The house total square footage is 6625 square feet and features two exterior stairways, one interior fiberglass stairway and one fiberglass ships ladder which accesses the second floor. The galvanized catwalks are accessed either via two exterior stairways on the first level and one stairway and one ships ladder at the second level. The catwalks provide a total of 636 lineal feet of observation area with 426 lineal feet of bullet resistant glazing at the perimeters. The house has a two tiered, steel, sun/rain cover, designed for high wind loads, over the entire training area with full lighting which allows for increased hours of operation.
The special feature of this house is the innovative containment system. The preferred embodiment of the MGM system is comprised of 3 basic components:
A 3/8″ballistic steel plate that serves as the primary wall structure and ballistic panel.
Room and alcove system of ballistic steel 3/8″ doubler plates (aka the “IMPACT”) on one or both sides of the primary wall panel (depending on whether it is an interior or exterior wall), that can be easily removed/reinstalled, turned, or replaced after or during scheduled maintenance inspections. This configuration allows for a thinner wall profile making training much more realistic.

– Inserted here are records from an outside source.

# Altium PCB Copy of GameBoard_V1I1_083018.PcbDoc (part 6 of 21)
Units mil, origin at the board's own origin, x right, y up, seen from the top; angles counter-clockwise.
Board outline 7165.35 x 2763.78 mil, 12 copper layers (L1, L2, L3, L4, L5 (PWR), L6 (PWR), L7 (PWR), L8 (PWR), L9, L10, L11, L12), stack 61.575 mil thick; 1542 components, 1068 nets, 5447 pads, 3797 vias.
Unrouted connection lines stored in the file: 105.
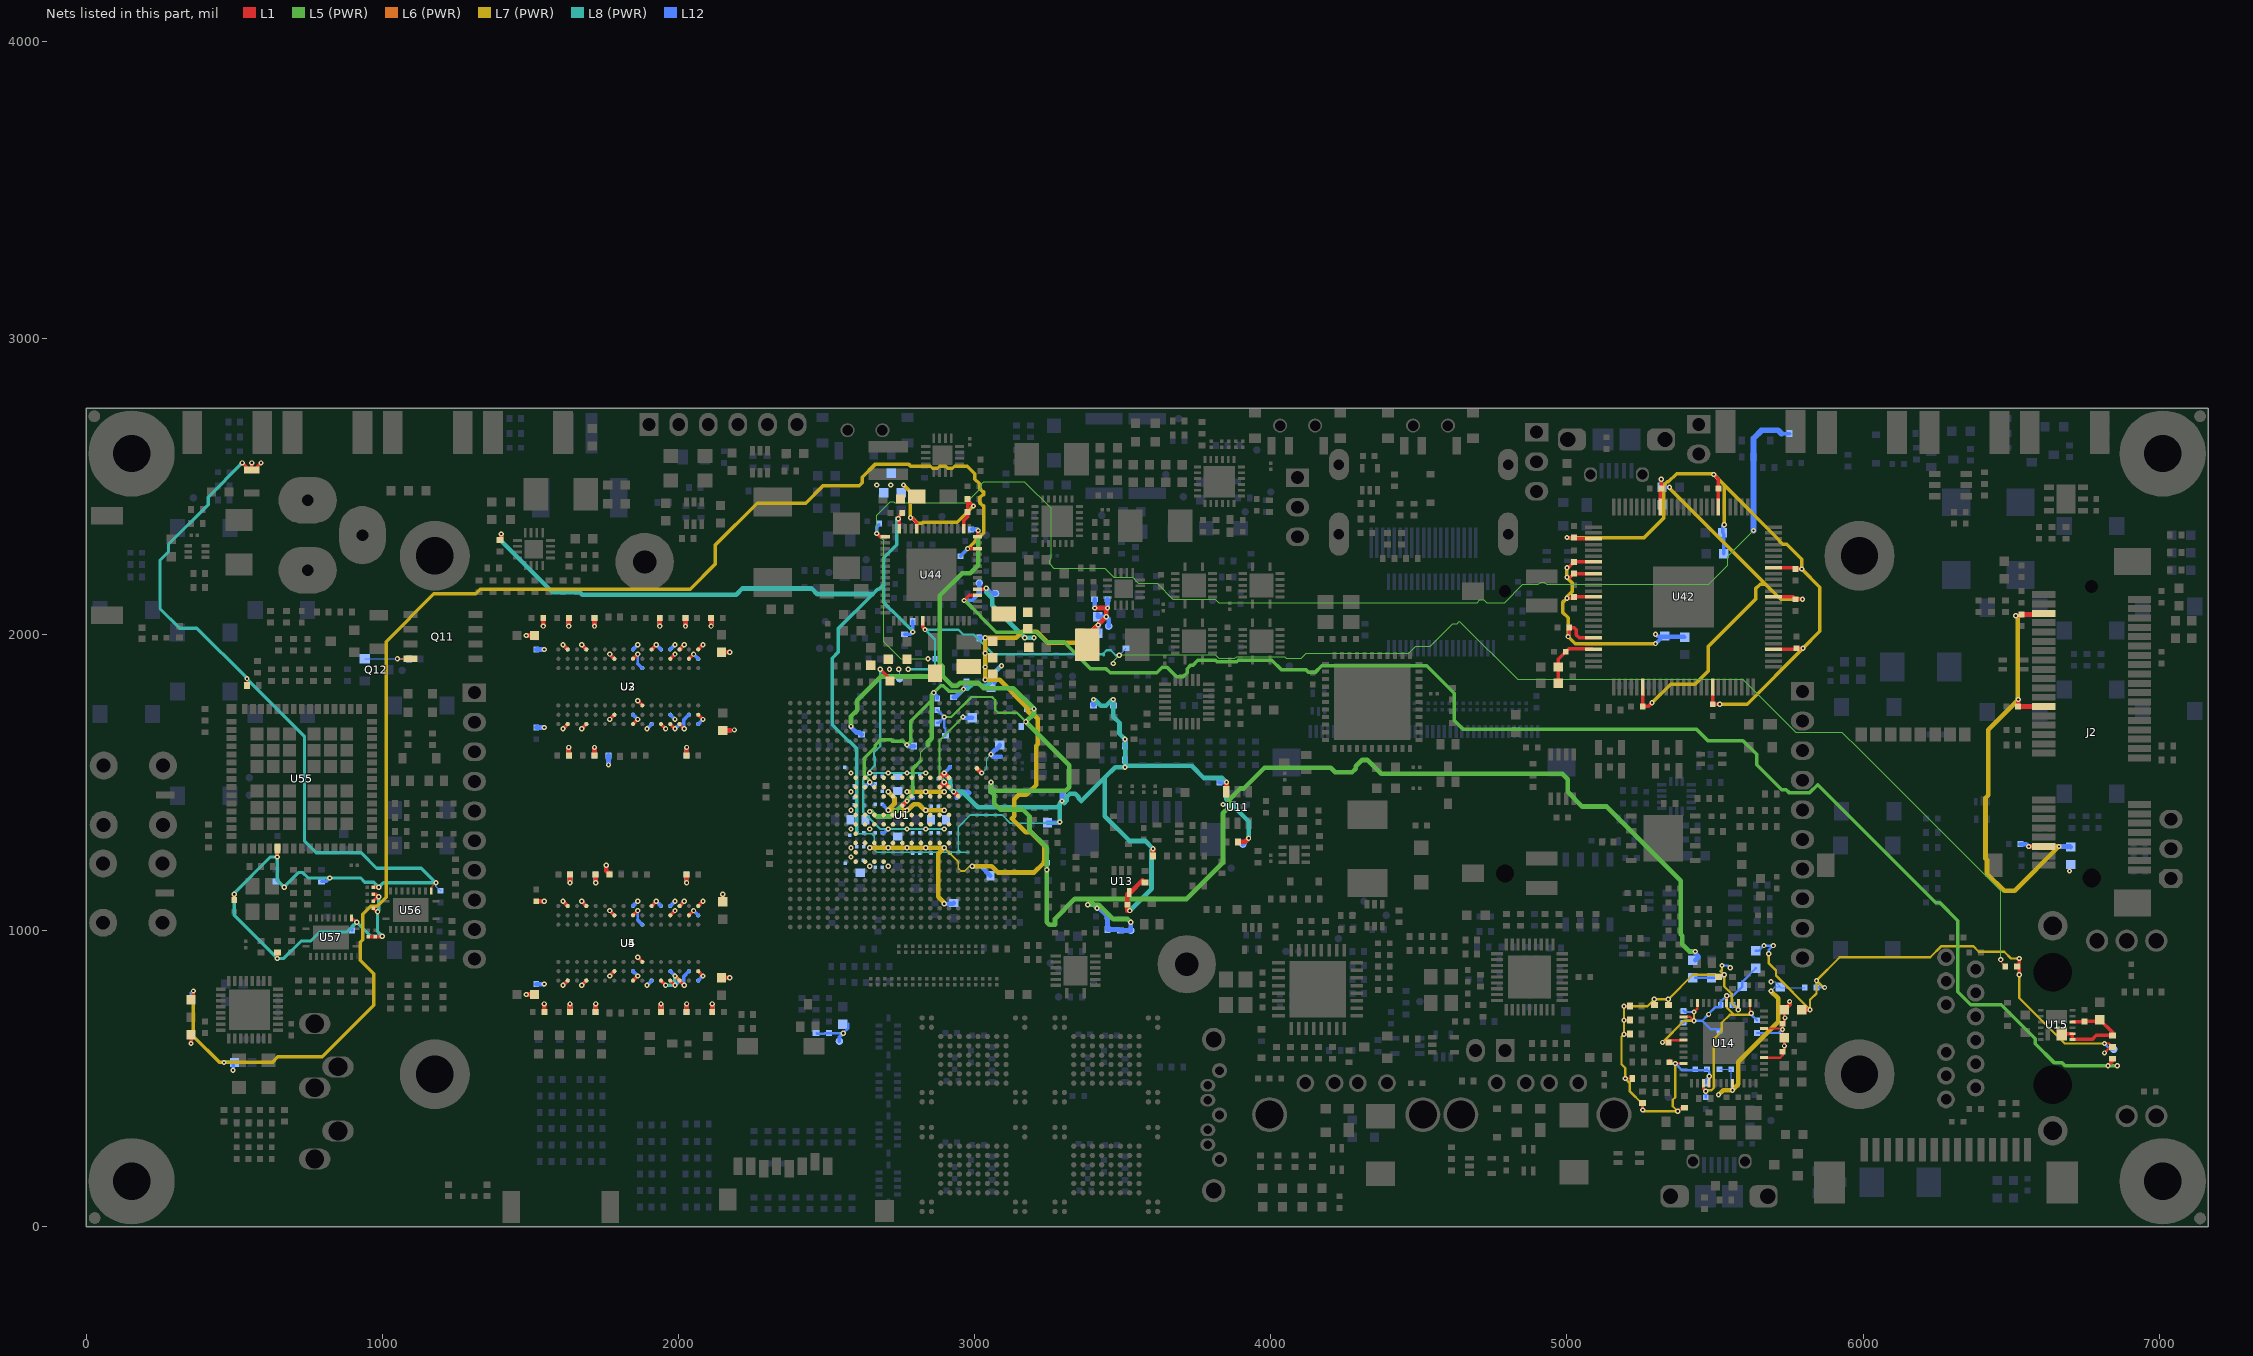
[diagram p16: the nets of this part, all layers, seen from the top]

## Part data (continued)
Y5: "CRYSTAL 12MHZ 12PF SMD", ESR (Equivalent Series Resistance)="100 Ohm", Frequency=12MHz, Frequency Stability=±30ppm, Load Capacitance=12pF, Manufacturer="TXC CORPORATION", Operating Mode=Fundamental, Operating Temperature="-40°C ~ 85°C", Package / Case="4-SMD, No Lead (DFN, LCC)", Ratings=-, Supplier Part Number 1=887-1775-1-ND, .Checked PCB=used, .Checked SCH=used, .Creator=MM, Category="Crystals and Oscillators", ComponentLink1Description=http://www.txccrystal.com/images/pdf/7m.pdf, ComponentLink1URL=http://www.txccrystal.com/images/pdf/7m.pdf, Frequency Tolerance=±30ppm, Height="0.031\" (0.80mm)", Manufacturer Part Number=7M-12.000MAHE-T, Mounting Type="Surface Mount", Packaging="Cut Tape (CT)", Pricing 1="1=0.96, 10=0.847, 50=0.791, 100=0.7, 500=0.6615, 1000=0.553 (USD)", RoHS="RoHS Compliant", Size / Dimension="0.126\" L x 0.098\" W (3.20mm x 2.50mm)", Stock 1=2813, Supplier 1=Digi-Key, Type="MHz Crystal"
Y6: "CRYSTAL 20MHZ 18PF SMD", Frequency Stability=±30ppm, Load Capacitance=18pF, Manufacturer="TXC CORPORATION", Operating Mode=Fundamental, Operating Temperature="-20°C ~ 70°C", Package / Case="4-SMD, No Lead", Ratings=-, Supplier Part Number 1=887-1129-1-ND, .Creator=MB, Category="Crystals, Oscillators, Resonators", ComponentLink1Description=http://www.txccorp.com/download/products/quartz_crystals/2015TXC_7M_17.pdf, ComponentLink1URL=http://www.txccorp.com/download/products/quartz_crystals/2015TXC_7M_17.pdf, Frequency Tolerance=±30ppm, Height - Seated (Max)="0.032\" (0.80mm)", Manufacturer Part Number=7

A “fragment containment curtain” made of 2″ thick rubber mounted to a roller system which is easily moved for maintenance inspections, and is easily replaceable when it becomes worn beyond serviceability. In this system, the primary ballistic plate extends from the floor to the 8′ level. The “IMPACT band” ballistic steel panels overlap the primary ballistic steel walls from roughly the 36″ height to the 72″ height, again, contingent on the specific application and requirements. As stated above, most of the “wear” in a shoot house is in that 3′-6′ wall height area, and hence the logic for the “belly band”. The curtain material hangs in front of the belly band, (which is in front of the primary wall steel). The bullets will pass easily through the curtain and impact the belly band plate. The curtain captures the bullet fragments and contains them within the containment chamber.
The project was completed last month and already has impressed the Marines at Pendleton. It was reported that MGM personnel received many complimentary statements from the Marines who participated in the test firing of the facility.